WHAT NEEDS TO BE DONE:
Tally the lines below that include the string "amount". Reply with the total only.

[RECORDS SHOWN — start]

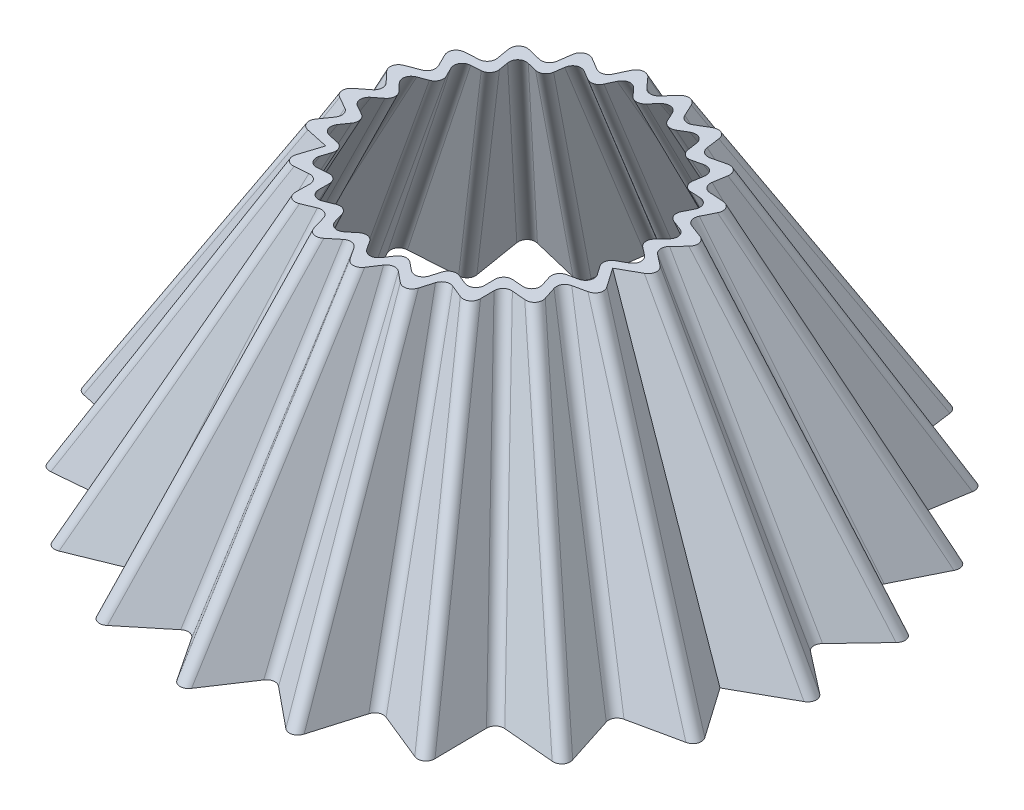
from build123d import *

# Parameters (mm, degrees)
BOSS_EXTRUDE1_DEPTH = 30
BOSS_EXTRUDE1_TAPER = 19
CUT_EXTRUDE1_DEPTH  = 30
CUT_EXTRUDE1_TAPER  = 19
FILLET1_R           = 1
FILLET2_R           = 1


with BuildPart() as part:
    # Sketch2 → Boss-Extrude1 (new body)
    with BuildSketch(Plane(origin=(0, 0, 0), x_dir=(1, 0, 0), z_dir=(0, 1, 0))):
        Polygon((-8.842655232, 28.667184174), (-15.793368104, 32.795266792), (-16.899601742, 24.787163229), (-24.758287655, 26.683088135), (-23.454944474, 18.704694056), (-31.523324698, 18.2), (-27.926212459, 10.960230731), (-35.487376003, 8.099761996), (-29.916113915, 2.241902808), (-36.298218217, -2.720175407), (-29.247837365, -6.675628019), (-33.883804451, -13.298413287), (-25.980762114, -15), (-28.458665962, -22.695028788), (-20.405182133, -21.991556155), (-20.504850114, -30.075091385), (-13.016512174, -27.029066037), (-10.729088349, -34.782850131), (-4.471267985, -29.664924787), (0, -36.4), (4.471267985, -29.664924787), (10.729088349, -34.782850131), (13.016512174, -27.029066037), (20.504850114, -30.075091385), (20.405182133, -21.991556155), (28.458665962, -22.695028788), (25.980762114, -15), (33.883804451, -13.298413287), (29.247837365, -6.675628019), (36.298218217, -2.720175407), (29.916113915, 2.241902808), (35.487376003, 8.099761996), (27.926212459, 10.960230731), (31.523324698, 18.2), (23.454944474, 18.704694056), (24.758287655, 26.683088135), (16.899601742, 24.787163229), (15.793368104, 32.795266792), (8.842655232, 28.667184174), (5.425138489, 35.993442075), (0, 30), (-5.425138489, 35.993442075), align=None)
    extrude(amount=BOSS_EXTRUDE1_DEPTH, taper=BOSS_EXTRUDE1_TAPER)

    # Sketch2_6 → Cut-Extrude1 (cut)
    with BuildSketch(Plane(origin=(0, 0, 0), x_dir=(1, 0, 0), z_dir=(0, 1, 0))):
        Polygon((-29.957531955, 17.295989138), (-26.539091614, 10.415825916), (-33.72468516, 7.697439314), (-28.430152821, 2.130545418), (-34.49525209, -2.585061774), (-27.795070187, -6.34404339), (-32.200764492, -12.637868779), (-24.690273589, -14.254936103), (-27.045097658, -21.567745682), (-19.391637832, -20.899215186), (-19.486355211, -28.581233733), (-12.369969955, -25.686507286), (-10.19616459, -33.05515374), (-4.249175962, -28.191440489), (0, -34.591978277), (4.249175962, -28.191440489), (10.19616459, -33.05515374), (12.369969955, -25.686507286), (19.486355211, -28.581233733), (19.391637832, -20.899215186), (27.045097658, -21.567745682), (24.690273589, -14.254936103), (32.200764492, -12.637868779), (27.795070187, -6.34404339), (34.49525209, -2.585061774), (28.430152821, 2.130545418), (33.72468516, 7.697439314), (26.539091614, 10.415825916), (29.957531955, 17.295989138), (22.289915652, 17.775614573), (23.528520569, 25.357714426), (16.060182867, 23.555961868), (15.008896878, 31.166295507), (8.403432355, 27.243258577), (5.155666834, 34.20561446), (0, 28.509872206), (-5.155666834, 34.20561446), (-8.403432355, 27.243258577), (-15.008896878, 31.166295507), (-16.060182867, 23.555961868), (-23.528520569, 25.357714426), (-22.289915652, 17.775614573), align=None)
    extrude(amount=CUT_EXTRUDE1_DEPTH, taper=CUT_EXTRUDE1_TAPER, mode=Mode.SUBTRACT)

    # Fillet1
    fillet1_edges = [part.edges().sort_by_distance(p)[0] for p in [
        (3.324181741, 15, 22.054504816),
        (9.677177086, 15, 20.094865278),
        (15.17031278, 15, 16.349708776),
        (19.31549961, 15, 11.151808899),
        (20.291652356, 15, 4.631437235),
        (22.24125236, 15, -1.666751445),
        (20.761852309, 15, -8.148426574),
        (17.437670568, 15, -13.906078242),
        (12.564075273, 15, -18.428113833),
        (6.574106754, 15, -21.312730639),
        (0, 15, -22.303617799),
        (-6.574106754, 15, -21.312730639),
        (-12.564075273, 15, -18.428113833),
        (-17.437670568, 15, -13.906078242),
        (-20.761852309, 15, -8.148426574),
        (-22.24125236, 15, -1.666751445),
        (-21.744419535, 15, 4.963021863),
        (-18.025011086, 15, 10.406745002),
        (-15.17031278, 15, 16.349708776),
        (-9.677177086, 15, 20.094865278),
        (-3.324181741, 15, 22.054504816),
        (-7.976582862, 15, 25.859446509),
        (0, 15, 27.061722929),
        (7.976582862, 15, 25.859446509),
        (15.244411332, 15, 22.359444784),
        (21.157706956, 15, 16.872708267),
        (25.191047468, 15, 9.886757576),
        (26.986052863, 15, 2.022325087),
        (26.383229035, 15, -6.021799861),
        (23.436139527, 15, -13.530861465),
        (18.406646174, 15, -19.837646648),
        (11.741641531, 15, -24.381769871),
        (4.033340512, 15, -26.759465843),
        (-4.033340512, 15, -26.759465843),
        (-11.741641531, 15, -24.381769871),
        (-17.176879088, 15, -18.51227294),
        (-23.436139527, 15, -13.530861465),
        (-26.383229035, 15, -6.021799861),
        (-26.986052863, 15, 2.022325087),
        (-25.191047468, 15, 9.886757576),
        (-21.157706956, 15, 16.872708267),
        (-15.244411332, 15, 22.359444784),
        (-18.406646174, 15, -19.837646648),
    ]]
    fillet(fillet1_edges, radius=FILLET1_R)

    # Fillet2
    fillet2_edges = [part.edges().sort_by_distance(p)[0] for p in [
        (0, 15, 25.253701206),
        (-3.102089717, 15, 20.581020518),
        (-7.443659104, 15, 24.131750118),
        (-9.030634867, 15, 18.752306527),
        (-14.22591643, 15, 20.865587131),
        (-14.156768479, 15, 15.257367807),
        (-19.744138652, 15, 15.745425161),
        (-23.508007509, 15, 9.226213068),
        (-20.291652356, 15, 4.631437235),
        (-25.183086736, 15, 1.887211455),
        (-20.755291266, 15, -1.555394056),
        (-24.620538192, 15, -5.619477178),
        (-19.374731463, 15, -7.604021759),
        (-21.870346784, 15, -12.626850603),
        (-16.272641746, 15, -12.976998759),
        (-11.724656398, 15, -17.196912471),
        (-10.957170306, 15, -22.752798586),
        (-6.134883877, 15, -19.888805042),
        (-3.763868857, 15, -24.971638229),
        (0, 15, -20.813490005),
        (3.763868857, 15, -24.971638229),
        (6.134883877, 15, -19.888805042),
        (23.508007509, 15, 9.226213068),
        (10.957170306, 15, -22.752798586),
        (11.724656398, 15, -17.196912471),
        (17.176879088, 15, -18.51227294),
        (16.272641746, 15, -12.976998759),
        (21.870346784, 15, -12.626850603),
        (19.374731463, 15, -7.604021759),
        (25.183086736, 15, 1.887211455),
        (24.620538192, 15, -5.619477178),
        (20.755291266, 15, -1.555394056),
        (18.025011086, 15, 10.406745002),
        (14.156768479, 15, 15.257367807),
        (19.744138652, 15, 15.745425161),
        (14.22591643, 15, 20.865587131),
        (9.030634867, 15, 18.752306527),
        (7.443659104, 15, 24.131750118),
        (3.102089717, 15, 20.581020518),
    ]]
    fillet(fillet2_edges, radius=FILLET2_R)


solid = part.part

[RECORDS SHOWN — finish]

ANSWER:
2